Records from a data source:
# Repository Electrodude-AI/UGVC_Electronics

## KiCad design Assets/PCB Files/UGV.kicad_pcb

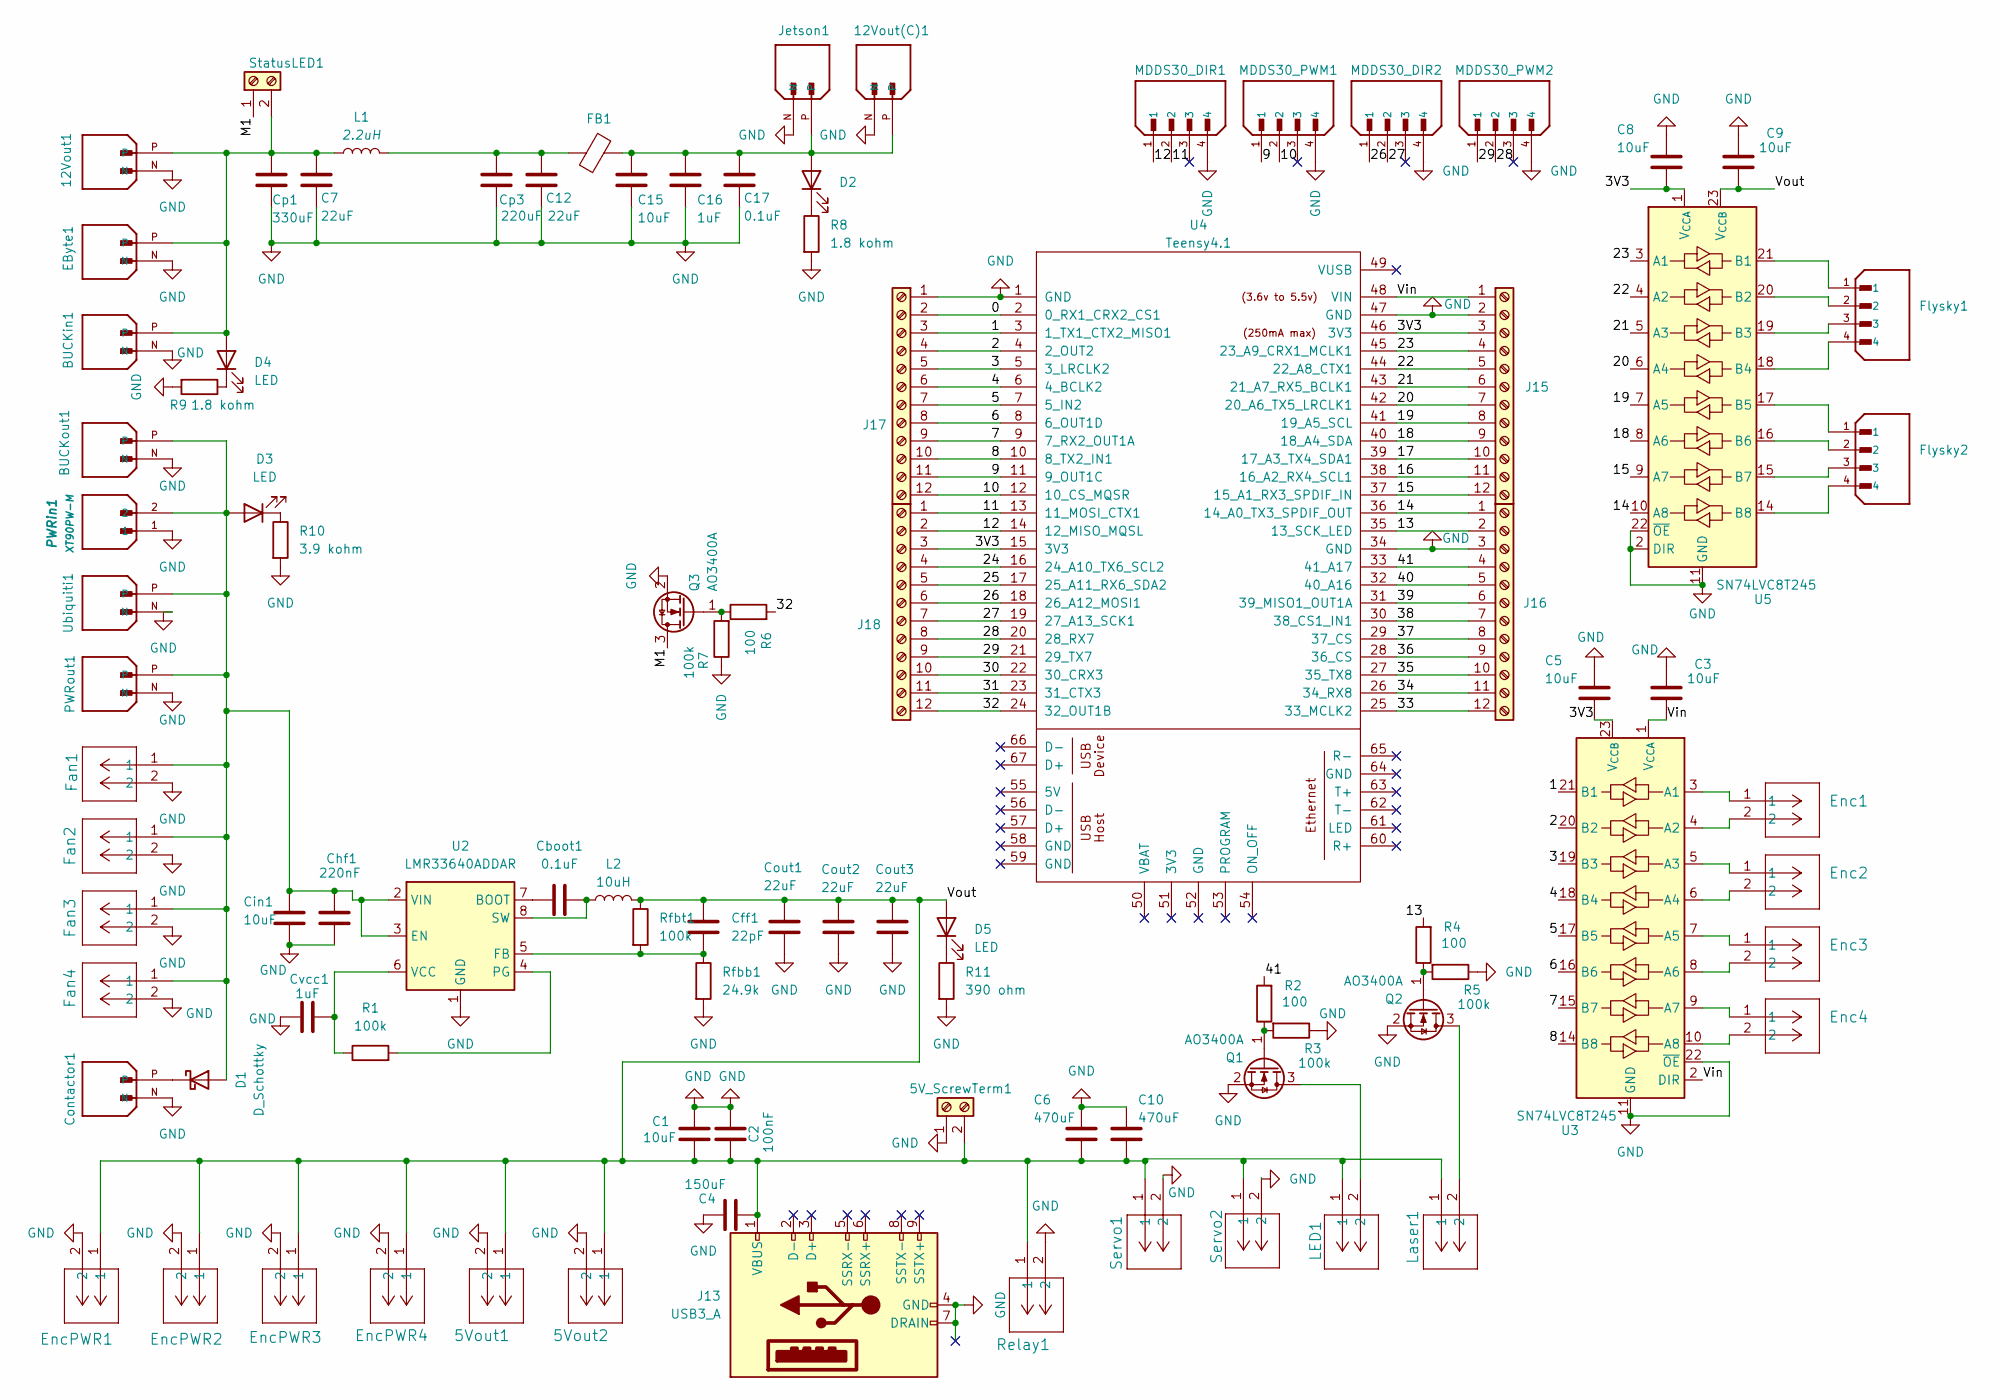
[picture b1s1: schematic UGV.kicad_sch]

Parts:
5V_ScrewTerm1: Screw_Terminal_01x02; TerminalBlock_Phoenix_MKDS-1,5-2-5.08_1x02_P5.08mm_Horizont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
5Vout1, 5Vout2: B2B-XH-A; JST_XH_B2B-XH-A_1x02_P2.50mm_Vertical
12Vout1, 12Vout(C)1: XT30PW-M; AMASS_XT30PW-M; PARTREV 1.2
BUCKin1: XT30PW-M; AMASS_XT30PW-M; PARTREV 1.2
BUCKout1: XT30PW-M; AMASS_XT30PW-M; PARTREV 1.2
C1, C3, C5, C8, C9, C15: 10uF; C_1210_3225Metric_Pad1.33x2.70mm_HandSolder
C2: 100nF; C_1206_3216Metric_Pad1.33x1.80mm_HandSolder
C4: 150uF; CP_Elec_8x10.5
C6, C10: 470uF; CP_Radial_D8.0mm_P3.50mm
C7, C12: 22uF; C_1210_3225Metric_Pad1.33x2.70mm_HandSolder
C16: 1uF; C_1206_3216Metric_Pad1.33x1.80mm_HandSolder
C17: 0.1uF; C_1206_3216Metric_Pad1.33x1.80mm_HandSolder
Cboot1: 0.1uF; C_1206_3216Metric_Pad1.33x1.80mm_HandSolder
Cff1: 22pF; C_0805_2012Metric_Pad1.18x1.45mm_HandSolder
Chf1: 220nF; C_1206_3216Metric_Pad1.33x1.80mm_HandSolder
Cin1: 10uF; C_1210_3225Metric_Pad1.33x2.70mm_HandSolder
Contactor1: XT30PW-M; AMASS_XT30PW-M; PARTREV 1.2
Cout1, Cout2, Cout3: 22uF; C_1210_3225Metric_Pad1.33x2.70mm_HandSolder
Cp1: 330uF; CP_Radial_D10.0mm_P5.00mm
Cp3: 220uF; CP_Elec_10x10
Cvcc1: 1uF; C_1206_3216Metric_Pad1.33x1.80mm_HandSolder
D1: D_Schottky; D_SMC_Handsoldering
D2, D3, D4, D5: LED; LED_1206_3216Metric_Pad1.42x1.75mm_HandSolder
EByte1: XT30PW-M; AMASS_XT30PW-M; PARTREV 1.2
Enc1, Enc2, Enc3, Enc4: B2B-XH-A-BK; JST_XH_B2B-XH-A_1x02_P2.50mm_Vertical
EncPWR1, EncPWR2, EncPWR3, EncPWR4: B2B-XH-A; JST_XH_B2B-XH-A_1x02_P2.50mm_Vertical
FB1: 1k@1k; L_0805_2012Metric_Pad1.05x1.20mm_HandSolder
Fan1, Fan2, Fan3, Fan4: B2B-XH-A-R; JST_XH_B2B-XH-A_1x02_P2.50mm_Vertical
Flysky1, Flysky2: B4B-XH-A_LF__SN_; JST_XH_B4B-XH-A_1x04_P2.50mm_Vertical; PARTREV 7/4/21
J13: USB3_A; USB-3.0-TH_U233-091N-4BLPC17-11
J15, J16, J17, J18: Screw_Terminal_01x12; TerminalBlock_Phoenix_MPT-0,5-12-2.54_1x12_P2.54mm_Horizont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
Jetson1: XT30PW-M; AMASS_XT30PW-M; PARTREV 1.2
L1: 2.2uH; L_Vishay_IHLP-2525
L2: 10uH; SRR1280-101M
LED1: B2B-XH-A; JST_XH_B2B-XH-A_1x02_P2.50mm_Vertical
Laser1: B2B-XH-A; JST_XH_B2B-XH-A_1x02_P2.50mm_Vertical
MDDS30_DIR1, MDDS30_DIR2, MDDS30_PWM1, MDDS30_PWM2: B4B-XH-A_LF__SN_; JST_XH_B4B-XH-A_1x04_P2.50mm_Vertical; PARTREV 7/4/21
PWRin1: XT90PW-M; AMASS_XT90PW-M_1x02_P10.90mm_Horizontal; PARTREV 1.2
PWRout1: XT30PW-M; AMASS_XT30PW-M; PARTREV 1.2
Q1, Q2, Q3: AO3400A; SOT-23_Handsoldering
R1, R3, R5, R7: 100k; R_1206_3216Metric_Pad1.30x1.75mm_HandSolder
R2, R4, R6: 100; R_0805_2012Metric_Pad1.20x1.40mm_HandSolder
R8, R9: 1.8 kohm; R_1206_3216Metric_Pad1.30x1.75mm_HandSolder
R10: 3.9 kohm; R_1206_3216Metric_Pad1.30x1.75mm_HandSolder
R11: 390 ohm; R_1206_3216Metric_Pad1.30x1.75mm_HandSolder
Relay1: B2B-XH-A; JST_XH_B2B-XH-A_1x02_P2.50mm_Vertical
Rfbb1: 24.9k; R_1206_3216Metric_Pad1.30x1.75mm_HandSolder
Rfbt1: 100k; R_1206_3216Metric_Pad1.30x1.75mm_HandSolder
Servo1, Servo2: B2B-XH-A; JST_XH_B2B-XH-A_1x02_P2.50mm_Vertical
StatusLED1: Screw_Terminal_01x02; TerminalBlock_Phoenix_MKDS-1,5-2-5.08_1x02_P5.08mm_Horizont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
U2: LMR33640ADDAR; LMR33630ADDAR; MPN LMR33630ADDAR
U3, U5: SN74LVC8T245; SOIC-24W_7.5x15.4mm_P1.27mm
U4: Teensy4.1; Teensy41
Ubiquiti1: XT30PW-M; AMASS_XT30PW-M; PARTREV 1.2

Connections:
/0: J17.2, U4.2 (0_RX1_CRX2_CS1)
/1: J17.3, U3.21 (B1), U4.3 (1_TX1_CTX2_MISO1)
/2: J17.4, U3.20 (B2), U4.4 (2_OUT2)
/3: J17.5, U3.19 (B3), U4.5 (3_LRCLK2)
/3V3: C5.2, C8.2, J15.3, J18.3, U3.23 (V_{CCB}), U3.24 (V_{CCB}), U4.15 (3V3), U4.46 (3V3), U5.1 (V_{CCA})
/4: J17.6, U3.18 (B4), U4.6 (4_BCLK2)
/5: J17.7, U3.17 (B5), U4.7 (5_IN2)
/6: J17.8, U3.16 (B6), U4.8 (6_OUT1D)
/7: J17.9, U3.15 (B7), U4.9 (7_RX2_OUT1A)
/8: J17.10, U3.14 (B8), U4.10 (8_TX2_IN1)
/9: J17.11, MDDS30_PWM1.1, U4.11 (9_OUT1C)
/10: J17.12, MDDS30_PWM1.2, U4.12 (10_CS_MQSR)
/11: J18.1, MDDS30_DIR1.2, U4.13 (11_MOSI_CTX1)
/12: J18.2, MDDS30_DIR1.1, U4.14 (12_MISO_MQSL)
/13: J16.2, R4.2, U4.35 (13_SCK_LED)
/14: J16.1, U4.36 (14_A0_TX3_SPDIF_OUT), U5.10 (A8)
/15: J15.12, U4.37 (15_A1_RX3_SPDIF_IN), U5.9 (A7)
/16: J15.11, U4.38 (16_A2_RX4_SCL1)
/17: J15.10, U4.39 (17_A3_TX4_SDA1)
/18: J15.9, U4.40 (18_A4_SDA), U5.8 (A6)
/19: J15.8, U4.41 (19_A5_SCL), U5.7 (A5)
/20: J15.7, U4.42 (20_A6_TX5_LRCLK1), U5.6 (A4)
/21: J15.6, U4.43 (21_A7_RX5_BCLK1), U5.5 (A3)
/22: J15.5, U4.44 (22_A8_CTX1), U5.4 (A2)
/23: J15.4, U4.45 (23_A9_CRX1_MCLK1), U5.3 (A1)
/24: J18.4, U4.16 (24_A10_TX6_SCL2)
/25: J18.5, U4.17 (25_A11_RX6_SDA2)
/26: J18.6, MDDS30_DIR2.1, U4.18 (26_A12_MOSI1)
/27: J18.7, MDDS30_DIR2.2, U4.19 (27_A13_SCK1)
/28: J18.8, MDDS30_PWM2.2, U4.20 (28_RX7)
/29: J18.9, MDDS30_PWM2.1, U4.21 (29_TX7)
/30: J18.10, U4.22 (30_CRX3)
/31: J18.11, U4.23 (31_CTX3)
/32: J18.12, R6.2, U4.24 (32_OUT1B)
/33: J16.12, U4.25 (33_MCLK2)
/34: J16.11, U4.26 (34_RX8)
/35: J16.10, U4.27 (35_TX8)
/36: J16.9, U4.28 (36_CS)
/37: J16.8, U4.29 (37_CS)
/38: J16.7, U4.30 (38_CS1_IN1)
/39: J16.6, U4.31 (39_MISO1_OUT1A)
/40: J16.5, U4.32 (40_A16)
/41: J16.4, R2.2, U4.33 (41_A17)
/M1: Q3.3 (D), StatusLED1.1
/Vin: C3.2, J15.1, U3.1 (V_{CCA}), U3.2 (DIR), U4.48 (VIN)
/Vout: 5V_ScrewTerm1.2, 5Vout1.1, 5Vout2.1, C1.2, C2.1, C4.1, C6.2, C9.2, C10.2, Cff1.1, Cout1.1, Cout2.1, Cout3.1, D5.2 (A), EncPWR1.1, EncPWR2.1, EncPWR3.1, EncPWR4.1, J13.1 (VBUS), L2.2, LED1.1, Laser1.1, Relay1.1, Rfbt1.1, Servo1.1, Servo2.1, U5.23 (V_{CCB}), U5.24 (V_{CCB})
GND: 5V_ScrewTerm1.1, 5Vout1.2, 5Vout2.2, 12Vout1.N, 12Vout(C)1.N, BUCKin1.N, BUCKout1.N, C1.1, C2.2, C3.1, C4.2, C5.1, C6.1, C7.2, C8.1, C9.1, C10.1, C12.2, C15.2, C16.2, C17.2, Chf1.2, Cin1.2, Contactor1.N, Cout1.2, Cout2.2, Cout3.2, Cp1.2, Cp3.2, Cvcc1.2, EByte1.N, EncPWR1.2, EncPWR2.2, EncPWR3.2, EncPWR4.2, Fan1.2, Fan2.2, Fan3.2, Fan4.2, J13.4 (GND), J13.7 (DRAIN), J15.2, J16.3, J17.1, Jetson1.N, MDDS30_DIR1.4, MDDS30_DIR2.4, MDDS30_PWM1.4, MDDS30_PWM2.4, PWRin1.1, PWRout1.N, Q1.2 (S), Q2.2 (S), Q3.2 (S), R3.1, R5.1, R7.1, R8.2, R9.2, R10.2, R11.2, Relay1.2, Rfbb1.2, Servo1.2, Servo2.2, U2.1 (GND), U2.9 (GND), U3.11 (GND), U3.12 (GND), U3.13 (GND), U3.22 (~OE), U4.1 (GND), U4.34 (GND), U4.47 (GND), U5.2 (DIR), U5.11 (GND), U5.12 (GND), U5.13 (GND), U5.22 (~OE), Ubiquiti1.N
unnamed: C12.1, Cp3.1, FB1.1, L1.2
unnamed: BUCKout1.P, Chf1.1, Cin1.1, D1.2 (A), D3.2 (A), Fan1.1, Fan2.1, Fan3.1, Fan4.1, PWRin1.2, PWRout1.P, U2.2 (VIN), U2.3 (EN), Ubiquiti1.P
unnamed: Contactor1.P, D1.1 (K)
unnamed: 12Vout(C)1.P, C15.1, C16.1, C17.1, D2.2 (A), FB1.2, Jetson1.P
unnamed: D2.1 (K), R8.1
unnamed: D3.1 (K), R10.1
unnamed: 12Vout1.P, BUCKin1.P, C7.1, Cp1.1, D4.2 (A), EByte1.P, L1.1, StatusLED1.2
unnamed: D4.1 (K), R9.1
unnamed: D5.1 (K), R11.1
unnamed: LED1.2, Q1.3 (D)
unnamed: Q1.1 (G), R2.1, R3.2
unnamed: Laser1.2, Q2.3 (D)
unnamed: Q2.1 (G), R4.1, R5.2
unnamed: Q3.1 (G), R6.1, R7.2
unnamed: Cboot1.1, U2.7 (BOOT)
unnamed: Cff1.2, Rfbb1.1, Rfbt1.2, U2.5 (FB)
unnamed: R1.2, U2.4 (PG)
unnamed: Cboot1.2, L2.1, U2.8 (SW)
unnamed: Cvcc1.1, R1.1, U2.6 (VCC)
unnamed: Enc1.1, U3.3 (A1)
unnamed: Enc1.2, U3.4 (A2)
unnamed: Enc2.1, U3.5 (A3)
unnamed: Enc2.2, U3.6 (A4)
unnamed: Enc3.1, U3.7 (A5)
unnamed: Enc3.2, U3.8 (A6)
unnamed: Enc4.1, U3.9 (A7)
unnamed: Enc4.2, U3.10 (A8)
unnamed: Flysky1.1, U5.21 (B1)
unnamed: Flysky1.2, U5.20 (B2)
unnamed: Flysky1.3, U5.19 (B3)
unnamed: Flysky1.4, U5.18 (B4)
unnamed: Flysky2.1, U5.17 (B5)
unnamed: Flysky2.2, U5.16 (B6)
unnamed: Flysky2.3, U5.15 (B7)
unnamed: Flysky2.4, U5.14 (B8)

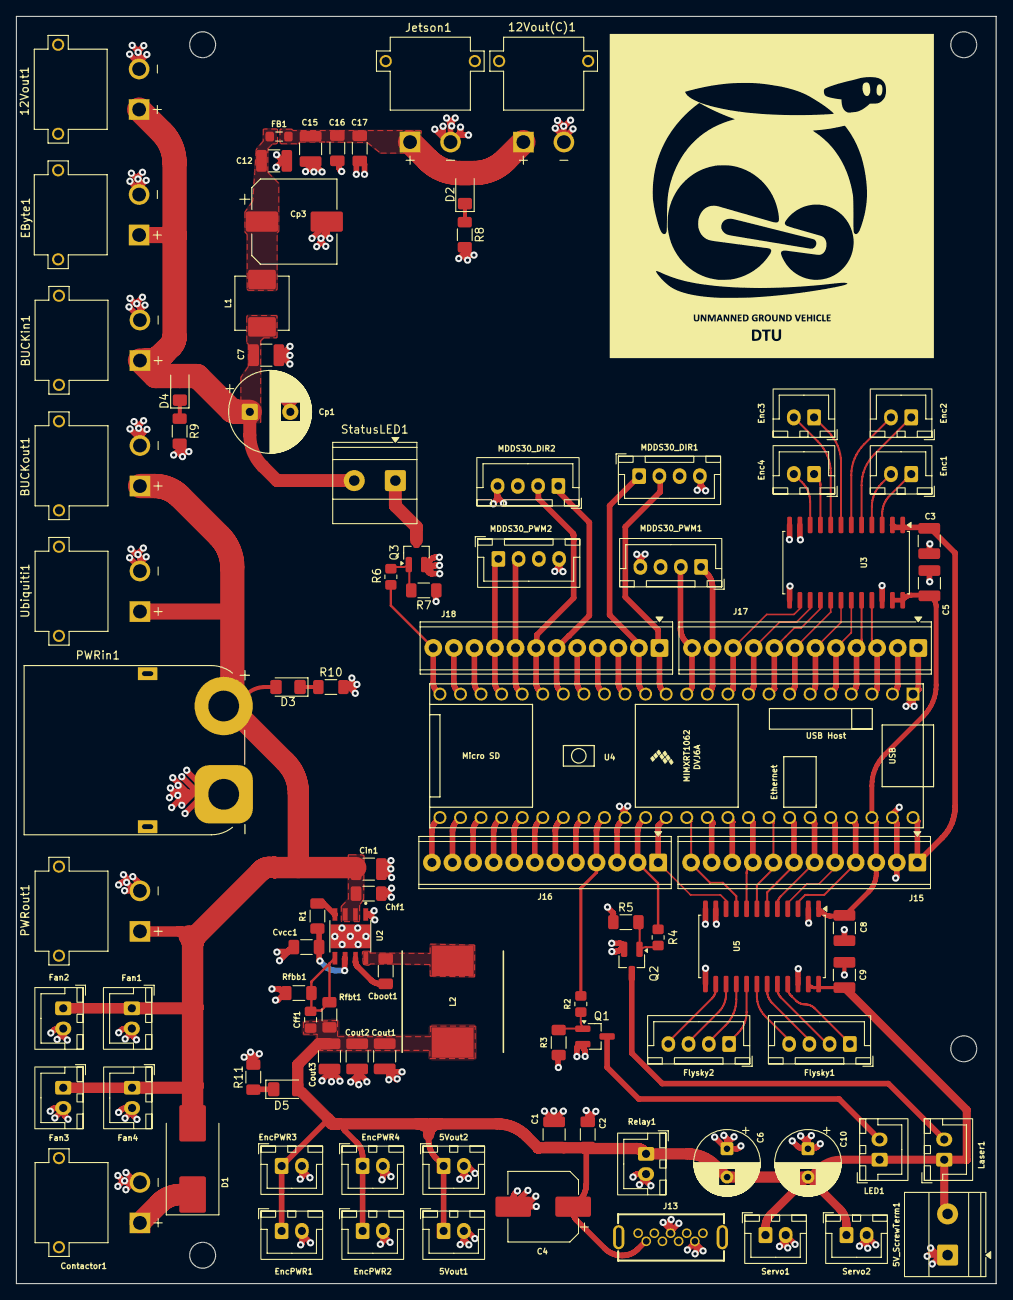
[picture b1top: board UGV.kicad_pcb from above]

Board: 2 copper layers, 121.0 x 156.5 mm, 94 parts (0 on the bottom side), 82 nets.

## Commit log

2026-05-05 PCB Done
2026-05-20 Changed the footprint
2026-05-22 Final PCB
2026-05-31 manual mode added
2026-05-31 Library updated
2026-06-04 Autonomous Mode
2026-06-05 initialized electronics repo
2026-06-06 safety mode

What the exercise asks: From the line that contains "unnamed: Flysky1.2, U5.20 (B2)" to the last line of the records above, copy each line exactly, both ends included, and leave the pictures out.

Your solution:
unnamed: Flysky1.2, U5.20 (B2)
unnamed: Flysky1.3, U5.19 (B3)
unnamed: Flysky1.4, U5.18 (B4)
unnamed: Flysky2.1, U5.17 (B5)
unnamed: Flysky2.2, U5.16 (B6)
unnamed: Flysky2.3, U5.15 (B7)
unnamed: Flysky2.4, U5.14 (B8)

[picture b1top: board UGV.kicad_pcb from above]

Board: 2 copper layers, 121.0 x 156.5 mm, 94 parts (0 on the bottom side), 82 nets.

## Commit log

2026-05-05 PCB Done
2026-05-20 Changed the footprint
2026-05-22 Final PCB
2026-05-31 manual mode added
2026-05-31 Library updated
2026-06-04 Autonomous Mode
2026-06-05 initialized electronics repo
2026-06-06 safety mode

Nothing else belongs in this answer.